EXERCISE OBJECTIVE »
Note each line of the listing that contains the string "PRECOND", and copy it.

________

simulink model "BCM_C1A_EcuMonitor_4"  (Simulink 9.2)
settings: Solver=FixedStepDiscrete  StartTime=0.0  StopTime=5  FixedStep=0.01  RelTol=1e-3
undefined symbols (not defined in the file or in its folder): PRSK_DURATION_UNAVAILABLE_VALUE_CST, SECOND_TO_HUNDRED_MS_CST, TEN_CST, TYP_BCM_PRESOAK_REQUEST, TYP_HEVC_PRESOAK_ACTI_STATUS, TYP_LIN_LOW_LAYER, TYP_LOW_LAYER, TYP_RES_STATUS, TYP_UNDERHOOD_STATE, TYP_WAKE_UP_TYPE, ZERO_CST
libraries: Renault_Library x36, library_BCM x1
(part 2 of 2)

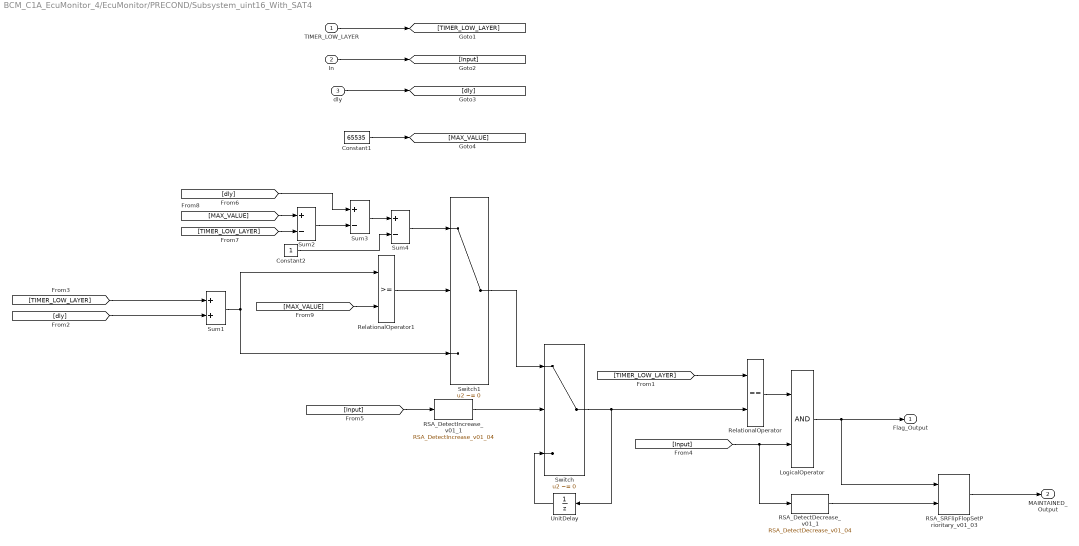
== system BCM_C1A_EcuMonitor_4/EcuMonitor/PRECOND/Subsystem_uint16_With_SAT4 ==
  TIMER_LOW_LAYER : Inport
      settings: AttributesFormatString=Type : %<OutDataTypeStr>
  In : Inport  Port=2
      settings: AttributesFormatString=Type : %<OutDataTypeStr>
  dly : Inport  Port=3
      settings: AttributesFormatString=Type : %<OutDataTypeStr>
  Constant1 : Constant  Value=65535  OutDataTypeStr=uint16  SampleTime=-1
  Constant2 : Constant  OutDataTypeStr=uint16  SampleTime=-1
  LogicalOperator : Logic  OutDataTypeStr=boolean
  RSA_DetectDecrease_v01_1 : Renault_Library/Complex blocks/Logic & Bit Operations/RSA_DetectDecrease_v01_04  Tag=[LIB]  chkini=on  vinit=0
      settings: AttributesFormatString=%<MaskType> : Ver : 01.04\nCompare the Input with Initial Value = %<chkini>\nInitial Value : = %<vinit>
  RSA_DetectIncrease_v01_1 : Renault_Library/Complex blocks/Logic & Bit Operations/RSA_DetectIncrease_v01_04  Tag=[LIB]  chkini=on  vinit=0
      settings: AttributesFormatString=%<MaskType> : Ver : 01.04\nCompare the Input with Initial Value = %<chkini>\nInitial Value : = %<vinit>
  RSA_SRFlipFlopSetPrioritary_v01_03 : Renault_Library/Complex blocks/Flip-Flop/RSA_SRFlipFlopSetPrioritary_v01_03  Tag=[LIB]  init=false
      settings: AttributesFormatString=%<MaskType> : Ver : 01.03\n<init=%<init>>
  RelationalOperator : RelationalOperator  Operator===  OutDataTypeStr=boolean  RndMeth=Nearest  InputSameDT=on
  RelationalOperator1 : RelationalOperator  OutDataTypeStr=boolean  RndMeth=Nearest  InputSameDT=on
  Sum1 : Sum  AccumDataTypeStr=uint16  OutDataTypeStr=Inherit: Inherit via back propagation  RndMeth=Zero  SaturateOnIntegerOverflow=on  InputSameDT=on
  Sum2 : Sum  Inputs=+-  AccumDataTypeStr=uint16  OutDataTypeStr=Inherit: Inherit via back propagation  RndMeth=Zero  SaturateOnIntegerOverflow=on  InputSameDT=on
  Sum3 : Sum  Inputs=+-  AccumDataTypeStr=uint16  OutDataTypeStr=Inherit: Inherit via back propagation  RndMeth=Zero  SaturateOnIntegerOverflow=on  InputSameDT=on
  Sum4 : Sum  Inputs=+-  AccumDataTypeStr=uint16  OutDataTypeStr=Inherit: Inherit via back propagation  RndMeth=Zero  SaturateOnIntegerOverflow=on  InputSameDT=on
  Switch : Switch  Criteria=u2 ~= 0  RndMeth=Zero  InputSameDT=on
      settings: AttributesFormatString=Criteria=%<Criteria>
  Switch1 : Switch  Criteria=u2 ~= 0  RndMeth=Zero  InputSameDT=on
      settings: AttributesFormatString=Criteria=%<Criteria>
  UnitDelay : UnitDelay  SampleTime=-1
      settings: AttributesFormatString=IC = %<X0>
  Flag_Output : Outport
      settings: AttributesFormatString=Type : %<OutDataTypeStr>\nInit :%<InitialOutput>
  MAINTAINED_Output : Outport  Port=2
      settings: AttributesFormatString=Type : %<OutDataTypeStr>\nInit :%<InitialOutput>
  wires:
  Switch1/1 -> Switch/1
  Sum4/1 -> Switch1/1
  Constant2/1 -> Sum4/2
  Sum3/1 -> Sum4/1
  Sum2/1 -> Sum3/2
  [dly] -> Sum3/1
  [TIMER_LOW_LAYER] -> Sum2/2
  [dly] -> Sum1/2
  dly/1 -> [dly]
  RelationalOperator1/1 -> Switch1/2
  Switch/1 -> UnitDelay/1, RelationalOperator/2
  Sum1/1 -> RelationalOperator1/1, Switch1/3
  LogicalOperator/1 -> RSA_SRFlipFlopSetPrioritary_v01_03/1, Flag_Output/1
  RSA_DetectIncrease_v01_1/1 -> Switch/2
  [Input] -> RSA_DetectIncrease_v01_1/1
  In/1 -> [Input]
  TIMER_LOW_LAYER/1 -> [TIMER_LOW_LAYER]
  [TIMER_LOW_LAYER] -> Sum1/1
  UnitDelay/1 -> Switch/3
  [TIMER_LOW_LAYER] -> RelationalOperator/1
  [Input] -> RSA_DetectDecrease_v01_1/1, LogicalOperator/2
  RelationalOperator/1 -> LogicalOperator/1
  RSA_DetectDecrease_v01_1/1 -> RSA_SRFlipFlopSetPrioritary_v01_03/2
  RSA_SRFlipFlopSetPrioritary_v01_03/1 -> MAINTAINED_Output/1
  Constant1/1 -> [MAX_VALUE]
  [MAX_VALUE] -> Sum2/1
  [MAX_VALUE] -> RelationalOperator1/2

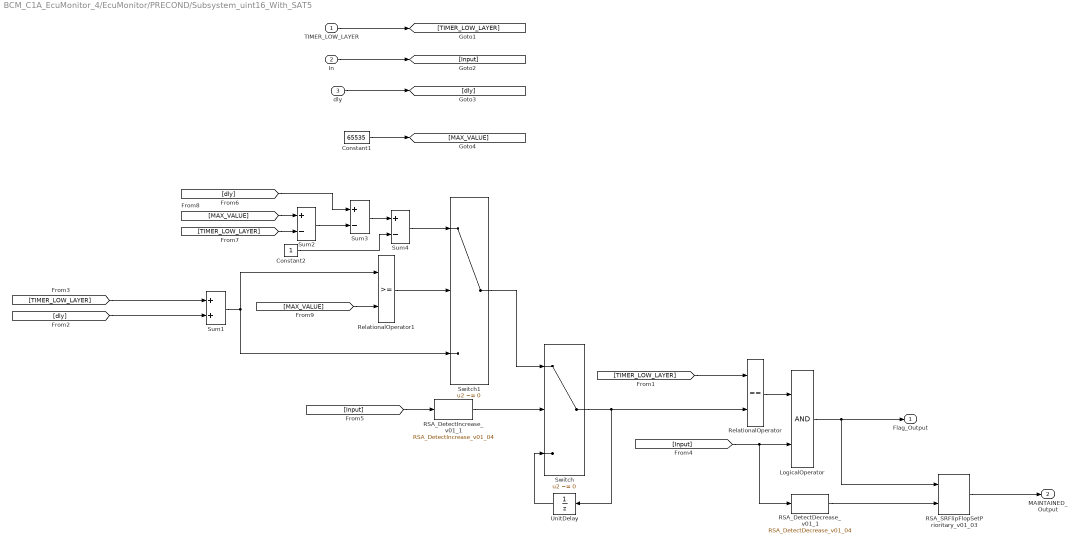
== system BCM_C1A_EcuMonitor_4/EcuMonitor/PRECOND/Subsystem_uint16_With_SAT5 ==
  TIMER_LOW_LAYER : Inport
      settings: AttributesFormatString=Type : %<OutDataTypeStr>
  In : Inport  Port=2
      settings: AttributesFormatString=Type : %<OutDataTypeStr>
  dly : Inport  Port=3
      settings: AttributesFormatString=Type : %<OutDataTypeStr>
  Constant1 : Constant  Value=65535  OutDataTypeStr=uint16  SampleTime=-1
  Constant2 : Constant  OutDataTypeStr=uint16  SampleTime=-1
  LogicalOperator : Logic  OutDataTypeStr=boolean
  RSA_DetectDecrease_v01_1 : Renault_Library/Complex blocks/Logic & Bit Operations/RSA_DetectDecrease_v01_04  Tag=[LIB]  chkini=on  vinit=0
      settings: AttributesFormatString=%<MaskType> : Ver : 01.04\nCompare the Input with Initial Value = %<chkini>\nInitial Value : = %<vinit>
  RSA_DetectIncrease_v01_1 : Renault_Library/Complex blocks/Logic & Bit Operations/RSA_DetectIncrease_v01_04  Tag=[LIB]  chkini=on  vinit=0
      settings: AttributesFormatString=%<MaskType> : Ver : 01.04\nCompare the Input with Initial Value = %<chkini>\nInitial Value : = %<vinit>
  RSA_SRFlipFlopSetPrioritary_v01_03 : Renault_Library/Complex blocks/Flip-Flop/RSA_SRFlipFlopSetPrioritary_v01_03  Tag=[LIB]  init=false
      settings: AttributesFormatString=%<MaskType> : Ver : 01.03\n<init=%<init>>
  RelationalOperator : RelationalOperator  Operator===  OutDataTypeStr=boolean  RndMeth=Nearest  InputSameDT=on
  RelationalOperator1 : RelationalOperator  OutDataTypeStr=boolean  RndMeth=Nearest  InputSameDT=on
  Sum1 : Sum  AccumDataTypeStr=uint16  OutDataTypeStr=Inherit: Inherit via back propagation  RndMeth=Zero  SaturateOnIntegerOverflow=on  InputSameDT=on
  Sum2 : Sum  Inputs=+-  AccumDataTypeStr=uint16  OutDataTypeStr=Inherit: Inherit via back propagation  RndMeth=Zero  SaturateOnIntegerOverflow=on  InputSameDT=on
  Sum3 : Sum  Inputs=+-  AccumDataTypeStr=uint16  OutDataTypeStr=Inherit: Inherit via back propagation  RndMeth=Zero  SaturateOnIntegerOverflow=on  InputSameDT=on
  Sum4 : Sum  Inputs=+-  AccumDataTypeStr=uint16  OutDataTypeStr=Inherit: Inherit via back propagation  RndMeth=Zero  SaturateOnIntegerOverflow=on  InputSameDT=on
  Switch : Switch  Criteria=u2 ~= 0  RndMeth=Zero  InputSameDT=on
      settings: AttributesFormatString=Criteria=%<Criteria>
  Switch1 : Switch  Criteria=u2 ~= 0  RndMeth=Zero  InputSameDT=on
      settings: AttributesFormatString=Criteria=%<Criteria>
  UnitDelay : UnitDelay  SampleTime=-1
      settings: AttributesFormatString=IC = %<X0>
  Flag_Output : Outport
      settings: AttributesFormatString=Type : %<OutDataTypeStr>\nInit :%<InitialOutput>
  MAINTAINED_Output : Outport  Port=2
      settings: AttributesFormatString=Type : %<OutDataTypeStr>\nInit :%<InitialOutput>
  wires:
  Switch1/1 -> Switch/1
  Sum4/1 -> Switch1/1
  Constant2/1 -> Sum4/2
  Sum3/1 -> Sum4/1
  Sum2/1 -> Sum3/2
  [dly] -> Sum3/1
  [TIMER_LOW_LAYER] -> Sum2/2
  [dly] -> Sum1/2
  dly/1 -> [dly]
  RelationalOperator1/1 -> Switch1/2
  Switch/1 -> UnitDelay/1, RelationalOperator/2
  Sum1/1 -> RelationalOperator1/1, Switch1/3
  LogicalOperator/1 -> RSA_SRFlipFlopSetPrioritary_v01_03/1, Flag_Output/1
  RSA_DetectIncrease_v01_1/1 -> Switch/2
  [Input] -> RSA_DetectIncrease_v01_1/1
  In/1 -> [Input]
  TIMER_LOW_LAYER/1 -> [TIMER_LOW_LAYER]
  [TIMER_LOW_LAYER] -> Sum1/1
  UnitDelay/1 -> Switch/3
  [TIMER_LOW_LAYER] -> RelationalOperator/1
  [Input] -> RSA_DetectDecrease_v01_1/1, LogicalOperator/2
  RelationalOperator/1 -> LogicalOperator/1
  RSA_DetectDecrease_v01_1/1 -> RSA_SRFlipFlopSetPrioritary_v01_03/2
  RSA_SRFlipFlopSetPrioritary_v01_03/1 -> MAINTAINED_Output/1
  Constant1/1 -> [MAX_VALUE]
  [MAX_VALUE] -> Sum2/1
  [MAX_VALUE] -> RelationalOperator1/2

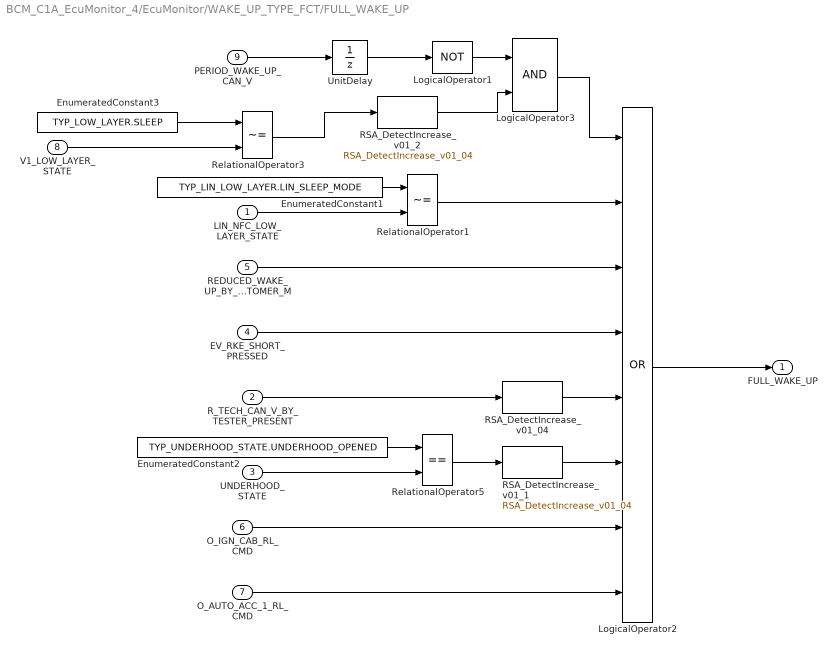
== system BCM_C1A_EcuMonitor_4/EcuMonitor/WAKE_UP_TYPE_FCT/FULL_WAKE_UP ==
  LIN_NFC_LOW_LAYER_STATE : Inport
      settings: AttributesFormatString=Type : %<OutDataTypeStr>
  R_TECH_CAN_V_BY_TESTER_PRESENT : Inport  Port=2
      settings: AttributesFormatString=Type : %<OutDataTypeStr>
  UNDERHOOD_STATE : Inport  Port=3
      settings: AttributesFormatString=Type : %<OutDataTypeStr>
  EV_RKE_SHORT_PRESSED : Inport  Port=4
      settings: AttributesFormatString=Type : %<OutDataTypeStr>
  REDUCED_WAKE_UP_BY_CUSTOMER_M : Inport  Port=5
      settings: AttributesFormatString=Type : %<OutDataTypeStr>
  O_IGN_CAB_RL_CMD : Inport  Port=6
  O_AUTO_ACC_1_RL_CMD : Inport  Port=7
  V1_LOW_LAYER_STATE : Inport  Port=8
      settings: AttributesFormatString=Type : %<OutDataTypeStr>
  PERIOD_WAKE_UP_CAN_V : Inport  Port=9
      settings: AttributesFormatString=Type : %<OutDataTypeStr>
  EnumeratedConstant1 : Constant  Value=TYP_LIN_LOW_LAYER.LIN_SLEEP_MODE  OutDataTypeStr=Enum: TYP_LIN_LOW_LAYER  SampleTime=-1
  EnumeratedConstant2 : Constant  Value=TYP_UNDERHOOD_STATE.UNDERHOOD_OPENED  OutDataTypeStr=Enum: TYP_UNDERHOOD_STATE  SampleTime=-1
  EnumeratedConstant3 : Constant  Value=TYP_LOW_LAYER.SLEEP  OutDataTypeStr=Enum: TYP_LOW_LAYER  SampleTime=-1
  LogicalOperator1 : Logic  Operator=NOT  Inputs=8  OutDataTypeStr=boolean
  LogicalOperator2 : Logic  Operator=OR  Inputs=8  OutDataTypeStr=boolean
  LogicalOperator3 : Logic  OutDataTypeStr=boolean
  RSA_DetectIncrease_v01_04 : Renault_Library/Complex blocks/Logic & Bit Operations/RSA_DetectIncrease_v01_04  Tag=[LIB]  chkini=on  vinit=0
      settings: AttributesFormatString=%<MaskType> : Ver : 01.04\nCompare the Input with Initial Value = %<chkini>\nInitial Value : = %<vinit>
  RSA_DetectIncrease_v01_1 : Renault_Library/Complex blocks/Logic & Bit Operations/RSA_DetectIncrease_v01_04  Tag=[LIB]  chkini=on  vinit=0
      settings: AttributesFormatString=%<MaskType> : Ver : 01.04\nCompare the Input with Initial Value = %<chkini>\nInitial Value : = %<vinit>
  RSA_DetectIncrease_v01_2 : Renault_Library/Complex blocks/Logic & Bit Operations/RSA_DetectIncrease_v01_04  Tag=[LIB]  chkini=on  vinit=0
      settings: AttributesFormatString=%<MaskType> : Ver : 01.04\nCompare the Input with Initial Value = %<chkini>\nInitial Value : = %<vinit>
  RelationalOperator1 : RelationalOperator  Operator=~=  OutDataTypeStr=boolean  RndMeth=Nearest  InputSameDT=on
  RelationalOperator3 : RelationalOperator  Operator=~=  OutDataTypeStr=boolean  RndMeth=Nearest  InputSameDT=on
  RelationalOperator5 : RelationalOperator  Operator===  OutDataTypeStr=boolean  RndMeth=Nearest  InputSameDT=on
  UnitDelay : UnitDelay  SampleTime=-1
      settings: AttributesFormatString=IC = %<X0>
  FULL_WAKE_UP : Outport
      settings: AttributesFormatString=Type : %<OutDataTypeStr>\nInit :%<InitialOutput>
  wires:
  LogicalOperator2/1 -> FULL_WAKE_UP/1
  R_TECH_CAN_V_BY_TESTER_PRESENT/1 -> RSA_DetectIncrease_v01_04/1
  UNDERHOOD_STATE/1 -> RelationalOperator5/2
  EnumeratedConstant2/1 -> RelationalOperator5/1
  LIN_NFC_LOW_LAYER_STATE/1 -> RelationalOperator1/2
  RelationalOperator5/1 -> RSA_DetectIncrease_v01_1/1
  EnumeratedConstant1/1 -> RelationalOperator1/1
  O_IGN_CAB_RL_CMD/1 -> LogicalOperator2/7
  O_AUTO_ACC_1_RL_CMD/1 -> LogicalOperator2/8
  V1_LOW_LAYER_STATE/1 -> RelationalOperator3/2
  EnumeratedConstant3/1 -> RelationalOperator3/1
  RSA_DetectIncrease_v01_04/1 -> LogicalOperator2/5
  RSA_DetectIncrease_v01_1/1 -> LogicalOperator2/6
  EV_RKE_SHORT_PRESSED/1 -> LogicalOperator2/4
  REDUCED_WAKE_UP_BY_CUSTOMER_M/1 -> LogicalOperator2/3
  RelationalOperator1/1 -> LogicalOperator2/2
  RelationalOperator3/1 -> RSA_DetectIncrease_v01_2/1
  PERIOD_WAKE_UP_CAN_V/1 -> UnitDelay/1
  LogicalOperator1/1 -> LogicalOperator3/1
  LogicalOperator3/1 -> LogicalOperator2/1
  RSA_DetectIncrease_v01_2/1 -> LogicalOperator3/2
  UnitDelay/1 -> LogicalOperator1/1

== system BCM_C1A_EcuMonitor_4/EcuMonitor/WAKE_UP_TYPE_FCT/SELECTIVE_MODE ==
  PERIOD_WAKE_UP_CAN_V : Inport
      settings: AttributesFormatString=Type : %<OutDataTypeStr>
  BCM_MONITOR_REFUSE_TO_SLEEP : Inport  Port=2
      settings: AttributesFormatString=Type : %<OutDataTypeStr>
  LogicalOperator6 : Logic  Operator=OR  OutDataTypeStr=boolean
  RSA_DetectDecrease_v01_04 : Renault_Library/Complex blocks/Logic & Bit Operations/RSA_DetectDecrease_v01_04  Tag=[LIB]  chkini=on  vinit=0
      settings: AttributesFormatString=%<MaskType> : Ver : 01.04\nCompare the Input with Initial Value = %<chkini>\nInitial Value : = %<vinit>
  RSA_DetectIncrease_v01_04 : Renault_Library/Complex blocks/Logic & Bit Operations/RSA_DetectIncrease_v01_04  Tag=[LIB]  chkini=on  vinit=0
      settings: AttributesFormatString=%<MaskType> : Ver : 01.04\nCompare the Input with Initial Value = %<chkini>\nInitial Value : = %<vinit>
  SELECTIVE_MODE : Outport
      settings: AttributesFormatString=Type : %<OutDataTypeStr>\nInit :%<InitialOutput>
  wires:
  LogicalOperator6/1 -> SELECTIVE_MODE/1
  PERIOD_WAKE_UP_CAN_V/1 -> RSA_DetectIncrease_v01_04/1
  BCM_MONITOR_REFUSE_TO_SLEEP/1 -> RSA_DetectDecrease_v01_04/1
  RSA_DetectIncrease_v01_04/1 -> LogicalOperator6/2
  RSA_DetectDecrease_v01_04/1 -> LogicalOperator6/1

== system BCM_C1A_EcuMonitor_4/EcuMonitor/WAKE_UP_TYPE_FCT/WAKE_UP_TYPE_SELECTION ==
  FULL_WAKE_UP : Inport
      settings: AttributesFormatString=Type : %<OutDataTypeStr>
  SELECTIVE_MODE : Inport  Port=2
      settings: AttributesFormatString=Type : %<OutDataTypeStr>
  EnumeratedConstant1 : Constant  Value=TYP_WAKE_UP_TYPE.SELECTIVE_WAKE_UP_MODE_1  OutDataTypeStr=Enum: TYP_WAKE_UP_TYPE  SampleTime=-1
  EnumeratedConstant2 : Constant  Value=TYP_WAKE_UP_TYPE.FULL_WAKE_UP  OutDataTypeStr=Enum: TYP_WAKE_UP_TYPE  SampleTime=-1
  RSA_SRFlipFlopSetPrioritary_v01_03 : Renault_Library/Complex blocks/Flip-Flop/RSA_SRFlipFlopSetPrioritary_v01_03  Tag=[LIB]  init=false
      settings: AttributesFormatString=%<MaskType> : Ver : 01.03\n<init=%<init>>
  Switch : Switch  Criteria=u2 ~= 0  RndMeth=Zero  InputSameDT=on
      settings: AttributesFormatString=Criteria=%<Criteria>
  WAKE_UP_TYPE : Outport
      settings: AttributesFormatString=Type : %<OutDataTypeStr>\nInit :%<InitialOutput>
  wires:
  SELECTIVE_MODE/1 -> RSA_SRFlipFlopSetPrioritary_v01_03/2
  FULL_WAKE_UP/1 -> RSA_SRFlipFlopSetPrioritary_v01_03/1
  Switch/1 -> WAKE_UP_TYPE/1
  EnumeratedConstant2/1 -> Switch/1
  EnumeratedConstant1/1 -> Switch/3
  RSA_SRFlipFlopSetPrioritary_v01_03/1 -> Switch/2

________

SOLUTION TO THIS PROBLEM »
== system BCM_C1A_EcuMonitor_4/EcuMonitor/PRECOND/Subsystem_uint16_With_SAT4 ==
== system BCM_C1A_EcuMonitor_4/EcuMonitor/PRECOND/Subsystem_uint16_With_SAT5 ==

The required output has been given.